What do you think? I am assuming that Quinn let you split into this many funds! Seems strange that Quinn need to charge as much as 1.2% to track the S&P500...

Thanks!


----------



## PMU (5 Jun 2007)

SPC100 said:


> *Re allocations*: If it costs you money to reblanance, I would try to rebalance by adding new funds.



 SPC100 is correct. If you intend to re-allocate you must do it by adding new funds to your policy rather than opening a new policy or re-allocating across policies.

  If you re-allocate between policies, you are in effect making an encashment of units in the policy from which you are re-allocating, so you pay tax on the gain in the units encashed.  If you re-allocate between funds in the same policy this does not occur. 

  I was about to re-allocate between policies (i.e. from Celtic in one policy to  S&P in another) when the very helpful lady in QL pointed out to me the tax implications of doing this. So instead I re-allocated from the Celtic fund to the S&P fund within the same policy,  i.e. I added a new S&P fund to the policy).


----------



## hattrick_12a (6 Jun 2007)

> > Originally Posted by pator
> > If I decided I'd like to take a risk, does it make sense to open a sperate fund and invest say €4k in Biotech freeway for eg? This then does not effect my main fund
> 
> 
> ...


This has raised a Q for me. 
What if someone wanted to do a reallocation. For the above, lets say, someone wanted to change the percentage stake they had in the Biotech freeway. Could they just put 4k directly in  Biotech freeway, and not have it spread accross the various funds in you overall fund?

Anyone do this? 

And, does it make sense if you wanted to rejig your allocations in the various funds? Thereby changing your risk/reward profile...


----------



## PMU (7 Jun 2007)

hattrick_12a said:


> This has raised a Q for me.
> What if someone wanted to do a reallocation. For the above, lets say, someone wanted to change the percentage stake they had in the Biotech freeway. Could they just put 4k directly in  Biotech freeway, and not have it spread accross the various funds in you overall fund?
> 
> Anyone do this?



Yes, and I think I answered this question in my post just above your one.



hattrick_12a said:


> T And, does it make sense if you wanted to rejig your allocations in the various funds? Thereby changing your risk/reward profile...

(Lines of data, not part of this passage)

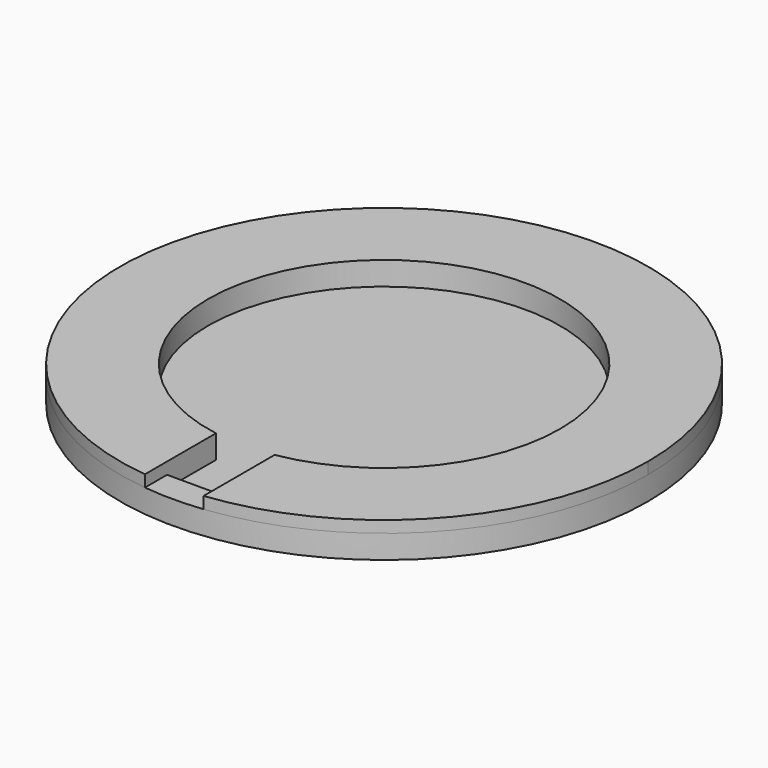
from build123d import *

# Parameters (mm, degrees)
F1_R     = 57.15
F2_DEPTH = 2.54
F3_R     = 57.15
F4_DEPTH = 2.54
F6_DEPTH = 2.54


with BuildPart() as f2:
    # F1 (on Top) → F2 (new body)
    with BuildSketch(Plane.XY):
        Circle(F1_R)
    extrude(amount=F2_DEPTH)

    # F3 (on face) → F4 (join)
    with BuildSketch(Plane.XY.offset(2.54)):
        Circle(F3_R)
        with BuildLine():
            ThreePointArc((-6.35, -37.567107), (0, 38.1), (6.35, -37.567107))
            Line((6.35, -37.567107), (6.35, -50.8))
            Line((6.35, -50.8), (-6.35, -50.8))
            Line((-6.35, -50.8), (-6.35, -37.567107))
        make_face(mode=Mode.SUBTRACT)
    extrude(amount=F4_DEPTH)

    # F5 (on face) → F6 (join)
    with BuildSketch(Plane.XY.offset(5.08)):
        with BuildLine():
            Line((6.35, -50.8), (6.35, -56.796127))
            ThreePointArc((6.35, -56.796127), (42.597095, -38.1), (57.15, 0))
            ThreePointArc((57.15, 0), (-38.1, 42.597095), (-6.35, -56.796127))
            Line((-6.35, -56.796127), (-6.35, -50.8))
            Line((-6.35, -50.8), (-6.35, -37.567107))
            ThreePointArc((-6.35, -37.567107), (0, 38.1), (6.35, -37.567107))
            Line((6.35, -37.567107), (6.35, -50.8))
        make_face()
    extrude(amount=F6_DEPTH)


solid = f2.part

You're not changing your risk/reward profile: By re-allocation you are increasing your level of return at the same level of risk.  Essentially re-allocation is forcing you to sell high and buy low (or switch units from the fund that has outperformed to one that has underperformed or performed inline). So you are retaining the same level of risk.


----------



## messyleo (7 Jun 2007)

hattrick_12a said:


> This has raised a Q for me.
> What if someone wanted to do a reallocation. For the above, lets say, someone wanted to change the percentage stake they had in the Biotech freeway. Could they just put 4k directly in Biotech freeway, and not have it spread accross the various funds in you overall fund?
> 
> Anyone do this?
> ...


 
I take it this would count as one of your two free switches a year?


----------



## hattrick_12a (7 Jun 2007)

PMU said:


> Yes, and I think I answered this question in my post just above your one.
> 
> 
> 
> You're not changing your risk/reward profile: By re-allocation you are increasing your level of return at the same level of risk.  Essentially re-allocation is forcing you to sell high and buy low (or switch units from the fund that has outperformed to one that has underperformed or performed inline). So you are retaining the same level of risk.



If you had:

50% Celtic (lets say 5k)
50% Euro (lets say 5k)

and you changed it by adding a lump sum in the Biotech to have  
33% Celtic (lets say 5k)
33% Euro  (lets say 5k)
33% Biotech  (lets say 5k)

then you could continue your regular premiums from here

Would your risk/reward profile not be different above?
The 5k going into biotech is  not from another fund so you are not  "sell high and buy low" or vice versa. It could be savings or whatever...


----------



## PMU (8 Jun 2007)

hattrick_12a said:


> If you had:
> 
> 50% Celtic (lets say 5k)
> 50% Euro (lets say 5k)
> ...



 Hattrick12a: I think there is a terminology problem here.  To go back to my original post, I didn’t re-allocate, I re-balanced, i.e. moved units from a higher performing fund to lower performing funds while maintaining the original allocation between funds.  (By the way, QL regarded this as one switch.) 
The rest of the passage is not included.